Sickle cell disorder
Sickle cell disorder is an abnormality which affects red blood cells containing abnormal type of hemoglobin. People suffering from sickle cell disease have abnormal type of hemoglobin present in their blood that becomes crescent shape obstruction the way when passing through small blood vessels. This sickle cell doesn’t live in the blood for more than 16 days and distorts, become stiff and could not pass through blood vessels.
This disease is congenital inherited from parents in the same way as other parts and traits. The treatment in infants starts with the vaccination and also given antibiotics, blood transfusion is another way to help sickle cell disease.
Cystic fibrosis
Cystic fibrosis is inherited disorder of mucus gland affecting other body parts like digestive system, reproductive system and other organs. Mucus is important slippery substance which lubricates and aide airways. During cystic fibrosis mucus produced is usually thick which affects lungs by blocking air ducts, intestines and pancreas.
Cystic fibrosis obstructs lungs by blocking airways making them vulnerable to infections. It also makes stomach weak and also many children develop problem of constipation and indigestion during cystic fibrosis. Although it is a rare disorder effecting one out of 2000 or 3000 infants. Children suffering from this inherited disease have to be diagnosed at early stage when the symptoms start initially so that other problems could be ceased. The susceptible children can be treated with various antibiotics.
Celiac disease
Celiac disease is a commonly found genetic disorder affecting small intestine and ability to digest important nutrients.
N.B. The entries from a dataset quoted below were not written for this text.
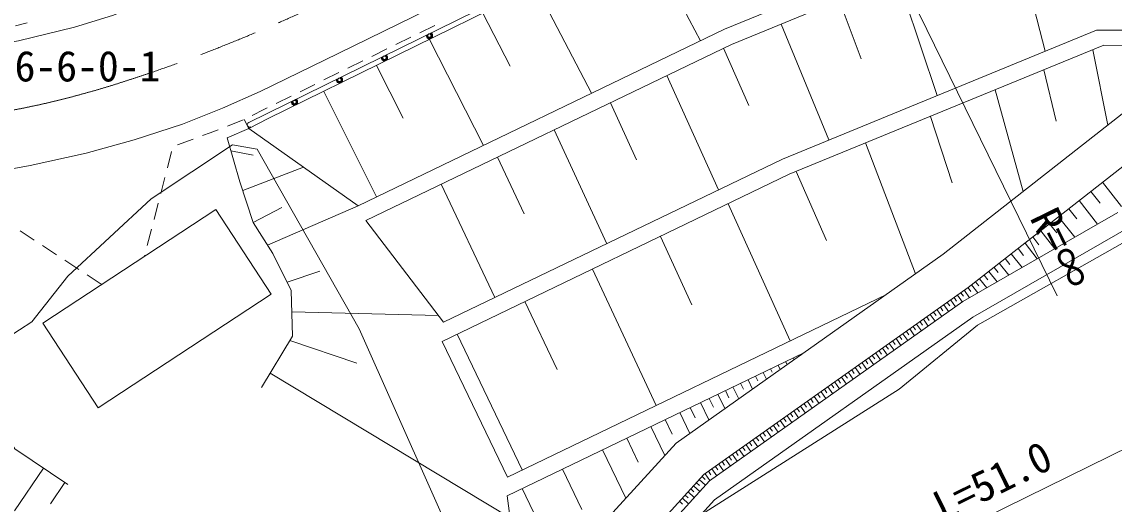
# Model space of a CAD drawing. Units: millimetres, scale not verified. Extents: x 40000 to 680000, y 20000 to 380000.
# Drawn here: x 80662 to 146041, y 262307 to 291162 of the extents above; entities that cross this region are included whole.
import ezdxf
from ezdxf.enums import TextEntityAlignment as Align

# ---------------------------------------------------------------- set-up
doc = ezdxf.new("R2010")
doc.units = ezdxf.units.MM
doc.header["$LTSCALE"] = 1000
doc.linetypes.add('CHAIN', pattern=[18.5, 12, -1.5, 3.5, -1.5])
for name, color, linetype, lineweight in [('M-BGD', 7, 'Continuous', 13), ('M-BMK', 2, 'Continuous', 13), ('M-BMK-ROW', 30, 'Continuous', 13), ('M-BMK-SRVR', 3, 'Continuous', 13), ('M-STR-HTXT', 7, 'Continuous', 13), ('M-STR-STRC', 7, 'Continuous', 13)]:
    doc.layers.add(name, color=color, linetype=linetype, lineweight=lineweight)
doc.styles.add('ＭＳ ゴシック', font='')
doc.styles.get('ＭＳ ゴシック').set_extended_font_data('MS Gothic')

msp = doc.modelspace()

# ---------------------------------------------------------------- linework, layer by layer
at = {"layer": 'M-BGD'}
for p, q in [((122727, 290724), (141294, 298338)), ((123134, 289811), (141729, 297435)), ((117880, 296421), (121292, 290033)), ((140008, 296729), (141919, 289407)), ((133053, 293878), (135438, 286749)), ((111441, 293250), (114765, 286889)), ((129584, 292455), (130892, 288941)), ((108249, 291679), (109883, 288519)), ((80984, 291108), (80274, 290927)), ((105388, 290950), (104491, 290509)), ((126114, 291032), (128966, 284096)), ((100798, 280161), (122727, 290724)), ((126187, 282956), (144990, 290666)), ((144990, 290666), (154015, 290631)), ((101257, 279272), (123134, 289811)), ((103952, 290244), (103055, 289803)), ((105058, 290108), (108297, 283773)), ((126594, 282042), (145424, 289764)), ((145424, 289764), (154343, 289687)), ((102516, 289539), (101619, 289098)), ((122656, 289580), (124185, 286155)), ((144755, 289489), (145660, 284988)), ((101080, 288833), (100183, 288392)), ((101894, 288551), (103485, 285403)), ((99644, 288127), (98747, 287686)), ((119277, 287952), (122365, 281115)), ((141838, 288293), (142568, 285226)), ((98208, 287421), (97311, 286980)), ((138920, 287097), (140598, 281018)), ((96773, 286716), (95875, 286275)), ((98730, 286993), (101885, 280685)), ((95142, 285914), (94444, 285559)), ((95337, 286010), (95142, 285914)), ((115898, 286325), (117457, 282914)), ((146975, 286019), (135815, 277267)), ((93906, 285294), (92975, 284929)), ((93972, 285319), (94244, 284785)), ((135044, 285507), (136348, 281526)), ((91929, 284519), (91482, 284354)), ((92417, 284710), (91929, 284519)), ((94244, 284785), (100798, 280161)), ((112519, 284697), (115670, 277890)), ((90919, 284147), (89981, 283801)), ((131168, 283918), (134147, 276087)), ((89629, 283402), (89378, 282434)), ((93179, 283436), (94498, 283186)), ((148123, 283742), (137309, 275261)), ((93882, 281065), (97516, 282477)), ((105905, 273187), (126187, 282956)), ((109140, 283070), (110731, 279674)), ((89227, 281854), (88976, 280886)), ((105819, 272035), (126594, 282042)), ((127004, 282210), (128815, 278089)), ((105762, 281442), (108975, 274665)), ((145347, 281565), (146481, 280120)), ((144646, 281015), (145196, 280313)), ((92271, 279926), (81914, 273137)), ((88825, 280305), (88573, 279337)), ((92271, 279926), (95588, 274866)), ((94503, 279148), (96224, 280051)), ((95364, 277794), (100798, 280161)), ((122937, 280281), (126644, 272077)), ((143330, 279983), (143811, 279370)), ((143944, 280464), (145045, 279061)), ((101257, 279272), (105905, 273187)), ((136989, 274423), (146260, 279761)), ((142717, 279502), (143679, 278275)), ((81391, 278103), (80555, 278652)), ((88422, 278756), (88171, 277789)), ((137582, 273495), (147051, 278947)), ((141643, 278660), (142485, 277587)), ((142180, 279081), (142601, 278545)), ((118883, 278328), (120759, 274238)), ((140705, 277924), (141441, 276986)), ((141174, 278292), (141542, 277823)), ((82729, 277225), (81893, 277774)), ((88020, 277208), (88007, 277158)), ((135815, 277267), (119822, 265960)), ((139884, 277281), (140528, 276460)), ((140295, 277603), (140617, 277192)), ((84067, 276348), (83231, 276896)), ((139167, 276718), (139730, 276001)), ((139526, 277000), (139807, 276641)), ((85405, 275471), (84569, 276019)), ((96538, 275578), (98495, 276255)), ((114828, 276375), (118629, 268216)), ((138265, 276011), (138480, 275737)), ((138540, 276226), (139032, 275599)), ((138853, 276472), (139099, 276158)), ((137309, 275261), (121484, 264074)), ((137297, 275253), (137454, 275031)), ((137511, 275420), (137887, 274940)), ((137751, 275608), (137939, 275368)), ((137991, 275796), (138421, 275247)), ((95588, 274866), (85231, 268077)), ((109725, 263927), (132418, 274858)), ((136463, 274663), (136607, 274459)), ((136667, 274807), (136956, 274399)), ((136871, 274952), (137016, 274748)), ((137075, 275096), (137389, 274653)), ((110774, 274422), (112698, 270354)), ((136989, 274423), (121817, 263697)), ((135442, 273941), (135731, 273533)), ((135646, 274086), (135791, 273882)), ((135851, 274230), (136139, 273822)), ((136055, 274374), (136199, 274170)), ((136259, 274519), (136548, 274110)), ((96826, 273806), (105595, 273593)), ((137582, 273495), (122125, 262567)), ((134626, 273364), (134914, 272956)), ((134830, 273508), (134974, 273304)), ((135034, 273653), (135323, 273245)), ((135238, 273797), (135383, 273593)), ((81914, 273137), (85231, 268077)), ((133605, 272643), (133749, 272438)), ((133809, 272787), (134098, 272379)), ((134013, 272931), (134158, 272727)), ((134217, 273076), (134506, 272667)), ((134422, 273220), (134566, 273016)), ((96708, 272088), (100710, 270734)), ((105819, 272035), (109725, 263927)), ((106720, 272469), (110615, 264356)), ((132789, 272065), (132933, 271861)), ((132993, 272210), (133281, 271801)), ((133197, 272354), (133341, 272150)), ((133401, 272498), (133690, 272090)), ((109706, 262808), (127460, 271360)), ((131768, 271344), (132056, 270935)), ((131972, 271488), (132116, 271284)), ((132176, 271632), (132465, 271224)), ((132380, 271777), (132525, 271573)), ((132584, 271921), (132873, 271513)), ((126379, 270839), (126441, 270711)), ((126830, 271056), (126881, 270950)), ((127280, 271273), (127306, 271220)), ((130951, 270766), (131240, 270358)), ((131155, 270911), (131300, 270707)), ((131360, 271055), (131648, 270647)), ((131564, 271199), (131708, 270995)), ((95532, 270138), (109892, 261482)), ((125028, 270188), (125225, 269780)), ((125478, 270405), (125577, 270201)), ((125929, 270622), (126053, 270365)), ((129931, 270045), (130075, 269841)), ((130135, 270189), (130423, 269781)), ((130339, 270333), (130483, 270129)), ((130543, 270478), (130832, 270070)), ((130747, 270622), (130891, 270418)), ((123676, 269537), (123848, 269182)), ((124127, 269754), (124397, 269194)), ((124577, 269971), (124712, 269691)), ((129114, 269468), (129258, 269263)), ((129318, 269612), (129607, 269204)), ((129522, 269756), (129667, 269552)), ((129726, 269901), (130015, 269492)), ((122325, 268886), (122741, 268023)), ((122775, 269103), (122983, 268672)), ((123226, 269320), (123569, 268609)), ((128093, 268746), (128382, 268338)), ((128297, 268890), (128442, 268686)), ((128502, 269035), (128790, 268626)), ((128706, 269179), (128850, 268975)), ((128910, 269323), (129198, 268915)), ((120665, 268087), (120965, 267463)), ((121288, 268387), (121787, 267350)), ((121806, 268637), (122056, 268118)), ((127277, 268169), (127565, 267760)), ((127481, 268313), (127625, 268109)), ((127685, 268457), (127974, 268049)), ((127889, 268602), (128033, 268398)), ((120041, 267786), (120642, 266540)), ((126256, 267447), (126400, 267243)), ((126460, 267591), (126749, 267183)), ((126664, 267736), (126809, 267532)), ((126868, 267880), (127157, 267472)), ((127073, 268024), (127217, 267820)), ((118308, 266952), (119143, 265219)), ((119175, 267369), (119592, 266503)), ((125440, 266870), (125584, 266666)), ((125644, 267014), (125932, 266606)), ((125848, 267159), (125992, 266954)), ((126052, 267303), (126341, 266895)), ((116864, 266256), (117560, 264812)), ((124419, 266148), (124707, 265740)), ((124623, 266293), (124767, 266088)), ((124827, 266437), (125116, 266029)), ((125031, 266581), (125176, 266377)), ((125235, 266726), (125524, 266317)), ((119822, 265960), (111387, 256749)), ((115421, 265560), (116812, 262673)), ((123602, 265571), (123891, 265163)), ((123806, 265715), (123951, 265511)), ((124011, 265860), (124299, 265451)), ((124215, 266004), (124359, 265800)), ((122582, 264849), (122726, 264645)), ((122786, 264994), (123074, 264586)), ((122990, 265138), (123134, 264934)), ((123194, 265282), (123483, 264874)), ((123398, 265427), (123542, 265223)), ((81959, 264458), (80230, 261906)), ((113014, 264401), (114173, 261995)), ((121765, 264272), (121909, 264068)), ((121969, 264416), (122258, 264008)), ((122173, 264561), (122318, 264357)), ((122377, 264705), (122666, 264297)), ((83235, 263594), (82371, 262318)), ((121817, 263697), (109997, 250788)), ((121484, 264074), (113231, 255060)), ((121041, 263590), (121226, 263421)), ((121210, 263774), (121579, 263436)), ((121379, 263958), (121563, 263790)), ((121561, 264128), (121849, 263720)), ((110607, 263242), (112926, 258429)), ((120366, 262852), (120550, 262683)), ((120535, 263037), (120903, 262699)), ((120704, 263221), (120888, 263052)), ((120872, 263405), (121241, 263068)), ((109706, 262808), (110692, 255778)), ((122125, 262567), (110710, 250100)), ((120028, 262483), (120213, 262315)), ((120197, 262668), (120566, 262330))]:
    msp.add_line(p, q, dxfattribs=at)
for points in [[(118576, 296763), (95410, 285378), (94244, 284785)], [(94244, 284785), (92954, 284215), (93714, 281584), (94503, 279148), (95675, 277304)], [(95675, 277304), (96786, 275082), (96872, 272361), (95016, 269281)], [(77859, 276479), (76834, 274265), (77487, 270467), (78859, 267809), (80239, 265624), (83411, 263474)]]:
    msp.add_lwpolyline(points, dxfattribs=at)
at = {"layer": 'M-BMK', "linetype": 'CHAIN'}
msp.add_spline([(106856, 296210), (102058, 293880), (97221, 291636), (92307, 289564), (87291, 287755), (82161, 286305), (76923, 285312)], degree=3, dxfattribs=at)
at = {"layer": 'M-BMK-ROW'}
for points in [[(121185, 261593), (133173, 269185), (137871, 273019), (147463, 278449), (149202, 281738), (156865, 282122), (161277, 285076), (164809, 285256), (167853, 283308), (173951, 280279), (175016, 274835), (178086, 271305), (183664, 267467), (188871, 267388), (194697, 271994), (198032, 273766), (200275, 277742), (202507, 278963), (203868, 276667), (210092, 269731)], [(68070, 267226), (73868, 268434), (81253, 273205), (83411, 275952), (88393, 280576), (93261, 283797), (94738, 283543), (100850, 272791), (109561, 253244)]]:
    msp.add_lwpolyline(points, dxfattribs=at)
at = {"layer": 'M-STR-HTXT'}
for p, q in [((127233, 306197), (142637, 274769)), ((126661, 255802), (147038, 265790))]:
    msp.add_line(p, q, dxfattribs=at)
at = {"layer": 'M-STR-STRC'}
for points in [[(67540, 288676), (67581, 288673), (70164, 288693), (73231, 288931), (76966, 289410), (80455, 290022), (83823, 290842), (86086, 291547), (89321, 292792), (110287, 301500), (114292, 303242), (118958, 305443), (127776, 309789)], [(66805, 281207), (66839, 281204), (70460, 281184), (74211, 281491), (77741, 281958), (81167, 282565), (84519, 283312), (87386, 284094), (90274, 285047), (92669, 285997), (94928, 287003), (99597, 289264), (117676, 298125), (121940, 300060), (130727, 303722), (139742, 307438)], [(94242, 285142), (115785, 295734), (119372, 297455), (134089, 303682), (137805, 305129), (139722, 305627)]]:
    msp.add_lwpolyline(points, dxfattribs=at)
for centre in [(105060, 290336), (102368, 289012), (99676, 287688), (96983, 286365)]:
    msp.add_circle(centre, 100, dxfattribs=at)
for centre, radius, start, end in [((105060, 290336), 188, 169.31162, 63.05141), ((105060, 290336), 150, 157.59114, 74.77189), ((105060, 290336), 112, 116.18153, 116.1815), ((102368, 289012), 188, 169.31162, 63.05141), ((102368, 289012), 150, 157.59114, 74.77189), ((102368, 289012), 112, 116.18153, 116.1815), ((99676, 287688), 188, 169.31162, 63.05141), ((99676, 287688), 150, 157.59114, 74.77189), ((99676, 287688), 112, 116.18153, 116.1815), ((96983, 286365), 188, 169.31162, 63.05141), ((96983, 286365), 150, 157.59114, 74.77189), ((96983, 286365), 112, 116.18153, 116.1815), ((94308, 285007), 150, 116.18152, 296.18152)]:
    msp.add_arc(centre, radius, start, end, dxfattribs=at)

# ---------------------------------------------------------------- texts
at = {"layer": 'M-BMK-SRVR', "style": 'ＭＳ ゴシック'}
msp.add_text('346-6-0-1', height=1833, dxfattribs=at).set_placement((77735, 287046), align=Align.BOTTOM_LEFT)
at = {"layer": 'M-STR-HTXT', "style": 'ＭＳ ゴシック'}
msp.add_text('R=∞', height=1833, rotation=296.111, dxfattribs=at).set_placement((140467, 279198), align=Align.BOTTOM_LEFT)
msp.add_text('ガードレール\u3000L=51.0', height=1833, rotation=26.111, dxfattribs=at).set_placement((131539, 258527), align=Align.BOTTOM_CENTER)

doc.saveas('drawing.dxf')

A person affecting with celiac disease usually damage its small intestine lining by the body’s immunity system when ever person eats gluten containing food.
Gluten is an ingredient of protein usually found in cereal and grains like wheat, oats, barley and rye. When gluten is eaten in the form of food, an abnormal reaction takes place in intestine lining which flatten out when exposed to gluten protein.
The symptoms of celiac disease are seen as excessive gas, acidity, diarrhea, abdominal bloating, and bone pain and weight loss. If not treated with due to time it can result in malnutrition, nutrient deficiency leading to numerous diseases.
Clubfoot
Clubfoot or talipes is a condition found in infants affecting either single or both feet and mostly found in boys than girls. The foot of babies turns inwards or outwards in this disease and affects every one child in 1000 babies. Parents suffering from this inherited disease are highly risked that they can pass on this disease to their child. It has to be treated soon in the infants so that they won’t face problem in walking in future course. Treatment of talipes or clubfoot involves physiotherapy, plaster casts, special splints and boots.
Cleft palate
Cleft palate is congenital disorder in which left lip and palate are fused and unable a child to feed, hearing, eating and talking. This can only be treated with small surgery which involves closing of the lip and palate. This usually caused by abnormal facial development during development of baby in the womb. The cleft on the lip effects nose, ears, cheeks, eyes and forehead. The treatment is only through surgery which is conducted just after the birth in various sessions.
Cerebral palsy
Cerebral palsy is inherited neurological disorder occurs in infants during childhood or present with birth affecting body movement and muscle coordination. It is a defect in brain due to which body parts and their movement is affected. The symptoms and signs may start appearing in a child when reaches age of 3 or 4. This abnormality is permanent but could only be improved with the help of medicines that may reduce some of the repercussions.